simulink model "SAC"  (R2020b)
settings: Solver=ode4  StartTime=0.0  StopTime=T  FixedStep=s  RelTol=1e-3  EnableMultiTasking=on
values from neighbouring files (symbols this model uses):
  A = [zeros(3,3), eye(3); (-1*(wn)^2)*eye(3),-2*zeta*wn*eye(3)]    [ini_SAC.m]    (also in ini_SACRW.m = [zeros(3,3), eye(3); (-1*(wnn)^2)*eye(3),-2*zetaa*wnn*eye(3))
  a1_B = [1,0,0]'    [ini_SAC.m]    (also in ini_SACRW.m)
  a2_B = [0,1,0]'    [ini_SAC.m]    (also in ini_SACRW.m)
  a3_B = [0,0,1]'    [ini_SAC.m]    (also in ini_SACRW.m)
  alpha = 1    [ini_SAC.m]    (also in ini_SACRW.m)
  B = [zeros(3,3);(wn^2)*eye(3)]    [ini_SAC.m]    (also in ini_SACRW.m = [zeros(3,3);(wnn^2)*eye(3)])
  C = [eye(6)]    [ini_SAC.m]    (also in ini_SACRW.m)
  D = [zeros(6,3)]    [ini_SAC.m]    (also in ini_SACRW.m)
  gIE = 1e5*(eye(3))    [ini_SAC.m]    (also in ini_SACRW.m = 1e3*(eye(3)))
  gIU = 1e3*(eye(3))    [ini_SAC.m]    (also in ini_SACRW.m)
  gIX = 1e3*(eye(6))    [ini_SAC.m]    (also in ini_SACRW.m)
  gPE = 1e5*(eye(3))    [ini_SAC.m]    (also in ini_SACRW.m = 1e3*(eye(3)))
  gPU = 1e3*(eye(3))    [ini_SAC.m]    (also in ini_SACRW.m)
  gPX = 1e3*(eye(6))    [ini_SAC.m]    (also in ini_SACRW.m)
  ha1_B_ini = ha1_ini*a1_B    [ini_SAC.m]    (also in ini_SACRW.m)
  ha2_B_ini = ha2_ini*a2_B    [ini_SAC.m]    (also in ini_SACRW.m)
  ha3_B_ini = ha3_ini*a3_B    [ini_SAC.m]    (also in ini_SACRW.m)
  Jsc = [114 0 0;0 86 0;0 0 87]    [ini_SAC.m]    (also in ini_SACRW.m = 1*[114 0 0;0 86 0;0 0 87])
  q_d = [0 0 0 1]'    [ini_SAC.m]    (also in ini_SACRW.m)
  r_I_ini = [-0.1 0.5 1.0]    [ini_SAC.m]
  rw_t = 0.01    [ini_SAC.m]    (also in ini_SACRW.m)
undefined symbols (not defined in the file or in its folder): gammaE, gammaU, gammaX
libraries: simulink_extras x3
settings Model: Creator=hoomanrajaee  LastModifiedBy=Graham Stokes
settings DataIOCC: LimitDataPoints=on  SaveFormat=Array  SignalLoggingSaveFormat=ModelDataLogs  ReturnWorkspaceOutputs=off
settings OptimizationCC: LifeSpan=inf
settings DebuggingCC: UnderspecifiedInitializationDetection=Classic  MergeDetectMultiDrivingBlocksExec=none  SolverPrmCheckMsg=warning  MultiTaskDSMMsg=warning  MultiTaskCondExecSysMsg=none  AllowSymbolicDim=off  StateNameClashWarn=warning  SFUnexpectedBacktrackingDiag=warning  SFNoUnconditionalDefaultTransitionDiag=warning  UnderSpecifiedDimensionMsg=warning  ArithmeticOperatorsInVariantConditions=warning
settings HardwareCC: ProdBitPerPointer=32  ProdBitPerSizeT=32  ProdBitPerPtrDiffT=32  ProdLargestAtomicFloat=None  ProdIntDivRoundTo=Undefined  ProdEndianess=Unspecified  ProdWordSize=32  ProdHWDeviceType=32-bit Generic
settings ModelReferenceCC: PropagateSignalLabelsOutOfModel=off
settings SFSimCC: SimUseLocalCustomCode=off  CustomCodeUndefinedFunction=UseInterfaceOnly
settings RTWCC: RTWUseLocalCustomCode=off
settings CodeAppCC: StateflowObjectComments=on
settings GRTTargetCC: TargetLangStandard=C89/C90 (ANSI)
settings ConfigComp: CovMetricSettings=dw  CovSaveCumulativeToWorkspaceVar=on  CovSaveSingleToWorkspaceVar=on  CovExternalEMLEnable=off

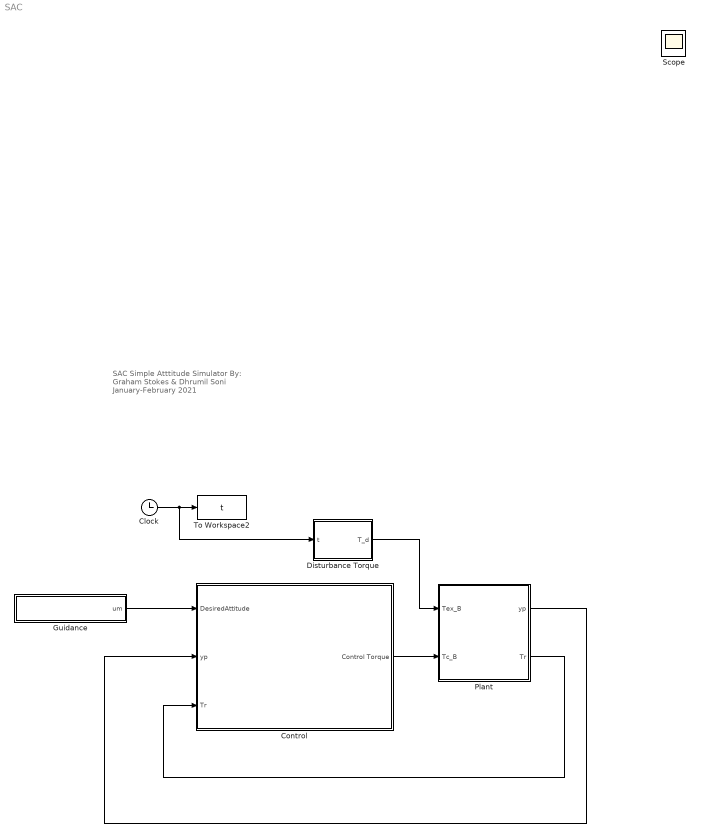
== system SAC ==
  note: SAC Simple Atttitude Simulator
      | By: Graham Stokes & Dhrumil Soni
      | January-February 2021
  Clock : Clock
  Control : Subsystem
  Disturbance Torque : MATLAB Function  TreatAsAtomicUnit=on
  "Guidance " : Subsystem
  Plant : Subsystem
  To Workspace2 : ToWorkspace  VariableName=t  SampleTime=-1
  Scope : Scope
  wires:
  Clock/1 -> Disturbance Torque/1(t), To Workspace2/1
  "Guidance "/1(um) -> Control/1(DesiredAttitude)
  Control/1(Control Torque) -> Plant/2(Tc_B)
  Plant/1("yp ") -> Control/2(yp)
  Plant/2("Tr ") -> Control/3(Tr)
  Disturbance Torque/1(T_d) -> Plant/1(Tex_B)

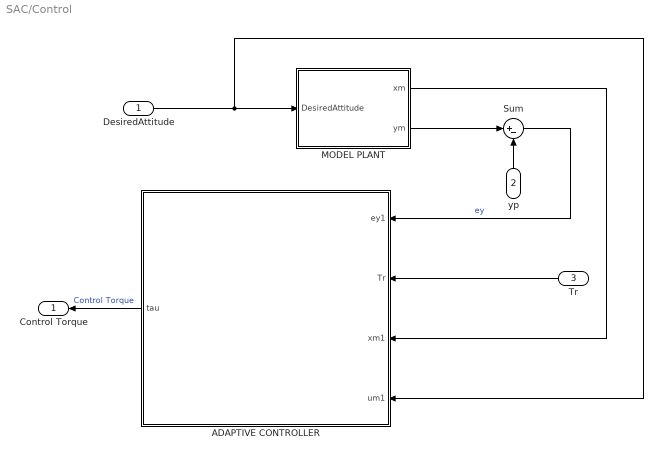
== system SAC/Control ==
  DesiredAttitude : Inport
  yp : Inport  Port=2
  Tr : Inport  Port=3
  ADAPTIVE CONTROLLER : Subsystem
      settings: AttributesFormatString=Adaptive Controller
  MODEL PLANT : Subsystem
  Sum : Sum  Inputs=|+-
  Control Torque : Outport
  wires:
  DesiredAttitude/1 -> ADAPTIVE CONTROLLER/4(um1), MODEL PLANT/1(DesiredAttitude)
  MODEL PLANT/2(ym) -> Sum/1
  Tr/1 -> ADAPTIVE CONTROLLER/2(Tr)
  ADAPTIVE CONTROLLER/1(tau) -> Control Torque/1  "Control Torque"
  yp/1 -> Sum/2
  Sum/1 -> ADAPTIVE CONTROLLER/1(ey1)  "ey"
  MODEL PLANT/1(xm) -> ADAPTIVE CONTROLLER/3(xm1)

== system SAC/Guidance  ==
  MRP : MATLAB Function  TreatAsAtomicUnit=on
  To Workspace : ToWorkspace  VariableName=um  SaveFormat=Timeseries  SampleTime=-1
  q_d1 : Constant  Value=q_d
  um : Outport
  wires:
  MRP/1(r) -> To Workspace/1, um/1  "um"
  q_d1/1 -> MRP/1(qsc_I_sign)

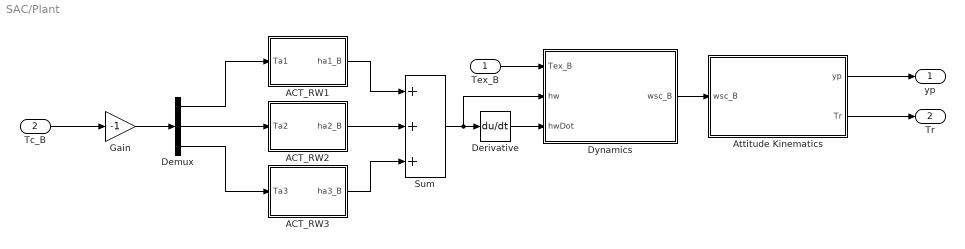
== system SAC/Plant ==
  Tex_B : Inport
  Tc_B : Inport  Port=2
  ACT_RW1 : Subsystem
  ACT_RW2 : Subsystem
  ACT_RW3 : Subsystem
  Attitude Kinematics : Subsystem
  Demux : Demux  Outputs=3
  Derivative : Derivative
  Dynamics : Subsystem
  Gain : Gain  Gain=-1
  Sum : Sum  Inputs=+++
  "yp " : Outport
  "Tr " : Outport  Port=2
  wires:
  Attitude Kinematics/2(Tr) -> "Tr "/1
  Attitude Kinematics/1(yp) -> "yp "/1
  Demux/3 -> ACT_RW3/1(Ta3)
  ACT_RW2/1(ha2_B) -> Sum/2
  Demux/1 -> ACT_RW1/1(Ta1)
  ACT_RW1/1(ha1_B) -> Sum/1
  ACT_RW3/1(ha3_B) -> Sum/3
  Sum/1 -> Derivative/1, Dynamics/2(hw)
  Demux/2 -> ACT_RW2/1(Ta2)
  Derivative/1 -> Dynamics/3(hwDot)
  Tex_B/1 -> Dynamics/1(Tex_B)
  Tc_B/1 -> Gain/1
  Dynamics/1(wsc_B) -> Attitude Kinematics/1(wsc_B)
  Gain/1 -> Demux/1

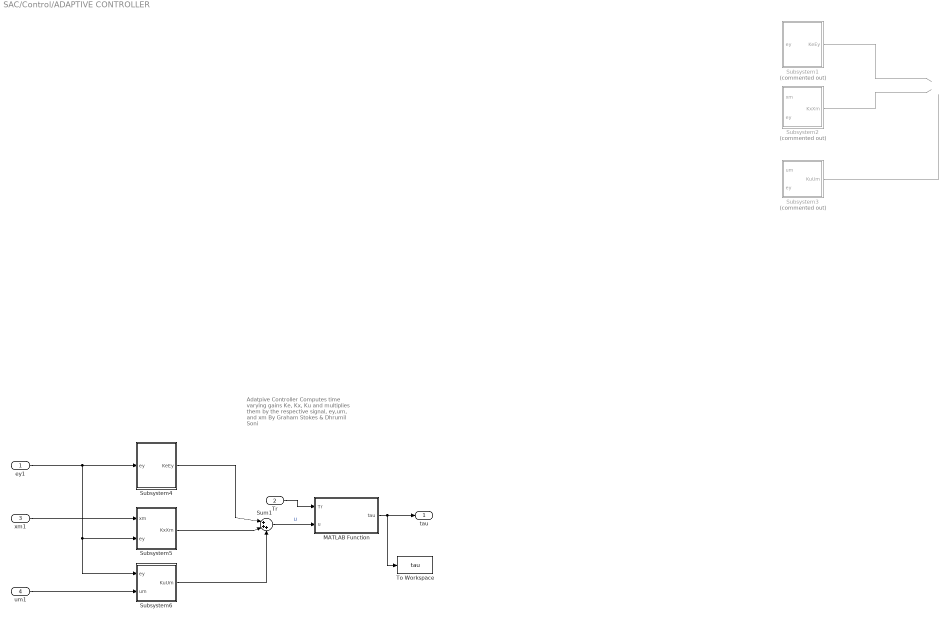
== system SAC/Control/ADAPTIVE CONTROLLER ==
  note: Adatpive Controller
      | Computes time varying gains Ke, Kx, Ku and multiplies them by the respective signal, ey,um, and xm
      | By Graham Stokes & Dhrumil Soni
  ey1 : Inport
  Tr : Inport  Port=2
  xm1 : Inport  Port=3
  um1 : Inport  Port=4
  MATLAB Function : MATLAB Function  TreatAsAtomicUnit=on
  Subsystem1 : Subsystem  Commented=on
  Subsystem2 : Subsystem  Commented=on
  Subsystem3 : Subsystem  Commented=on
  Subsystem4 : Subsystem
  Subsystem5 : Subsystem
  Subsystem6 : Subsystem
  Sum1 : Sum  Inputs=|+++
  To Workspace : ToWorkspace  VariableName=tau  SaveFormat=Timeseries  SampleTime=-1
  tau : Outport
  wires:
  Tr/1 -> MATLAB Function/1(Tr)
  Sum1/1 -> MATLAB Function/2(u)  "U"
  MATLAB Function/1(tau) -> tau/1, To Workspace/1
  Subsystem5/1(KxXm) -> Sum1/2
  Subsystem4/1(KeEy) -> Sum1/1
  Subsystem6/1(KuUm) -> Sum1/3
  um1/1 -> Subsystem6/2(um)
  xm1/1 -> Subsystem5/1(xm)
  ey1/1 -> Subsystem4/1(ey), Subsystem6/1(ey), Subsystem5/2(ey)
  Subsystem2/1(KxXm) -> ?
  Subsystem3/1(KuUm) -> ?
  Subsystem1/1(KeEy) -> ?

== system SAC/Control/MODEL PLANT ==
  note: Model Plant
      |
      | State space model outputing the desired response. Parse Y outputs the damped position respoonse of the model.
      |
      | By Graham Stokes & Dhrumil Soni
  DesiredAttitude : Inport
  Constant : Constant  Value=alpha
  MATLAB Function : MATLAB Function  TreatAsAtomicUnit=on
  State-Space Model : StateSpace  A=A  B=B  C=C  D=D  InitialCondition=[r_I_ini(1);r_I_ini(2);r_I_ini(3);0;0;0]
  xm : Outport
  ym : Outport  Port=2
  wires:
  DesiredAttitude/1 -> State-Space Model/1
  MATLAB Function/1(ym) -> ym/1
  Constant/1 -> MATLAB Function/2(alpha)
  State-Space Model/1 -> MATLAB Function/1(X), xm/1

== system SAC/Plant/ACT_RW1 ==
  note: First order transfer function from actuated torque to control torque. By M.Sidi
  Ta1 : Inport
  Constant1 : Constant  Value=a1_B
  Integrator : Integrator  InitialCondition=ha1_B_ini
  Product1 : Product
  Transfer Fcn (with initial states) : simulink_extras/Additional Linear/Transfer Fcn (with initial states)  N=[1]  D=[rw_t 1]  X0=.5
  ha1_B : Outport
  wires:
  Product1/1 -> ha1_B/1
  Integrator/1 -> Product1/1
  Constant1/1 -> Product1/2
  Ta1/1 -> Transfer Fcn (with initial states)/1
  Transfer Fcn (with initial states)/1 -> Integrator/1  "Tc1"

== system SAC/Plant/ACT_RW2 ==
  Ta2 : Inport
  Constant1 : Constant  Value=a2_B
  Integrator : Integrator  InitialCondition=ha2_B_ini
  Product1 : Product
  Transfer Fcn (with initial states) : simulink_extras/Additional Linear/Transfer Fcn (with initial states)  N=[1]  D="[rw_t  1]"  X0=.5
  ha2_B : Outport
  wires:
  Constant1/1 -> Product1/2
  Product1/1 -> ha2_B/1
  Integrator/1 -> Product1/1
  Ta2/1 -> Transfer Fcn (with initial states)/1
  Transfer Fcn (with initial states)/1 -> Integrator/1  "Tc1"

== system SAC/Plant/ACT_RW3 ==
  Ta3 : Inport
  Constant1 : Constant  Value=a3_B
  Integrator : Integrator  InitialCondition=ha3_B_ini
  Product1 : Product
  Transfer Fcn (with initial states) : simulink_extras/Additional Linear/Transfer Fcn (with initial states)  N=[1]  D="[rw_t  1]"  X0=.5
  ha3_B : Outport
  wires:
  Constant1/1 -> Product1/2
  Product1/1 -> ha3_B/1
  Integrator/1 -> Product1/1
  Ta3/1 -> Transfer Fcn (with initial states)/1
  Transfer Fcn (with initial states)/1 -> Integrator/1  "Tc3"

__ABOUT THIS EXERCISE__:
The lines you need are those holding the word "Stokes"; copy each of them from the material above.

__SOLUTION FOR THIS TASK__:
settings Model: Creator=hoomanrajaee  LastModifiedBy=Graham Stokes
      | By: Graham Stokes & Dhrumil Soni
      | By Graham Stokes & Dhrumil Soni
      | By Graham Stokes & Dhrumil Soni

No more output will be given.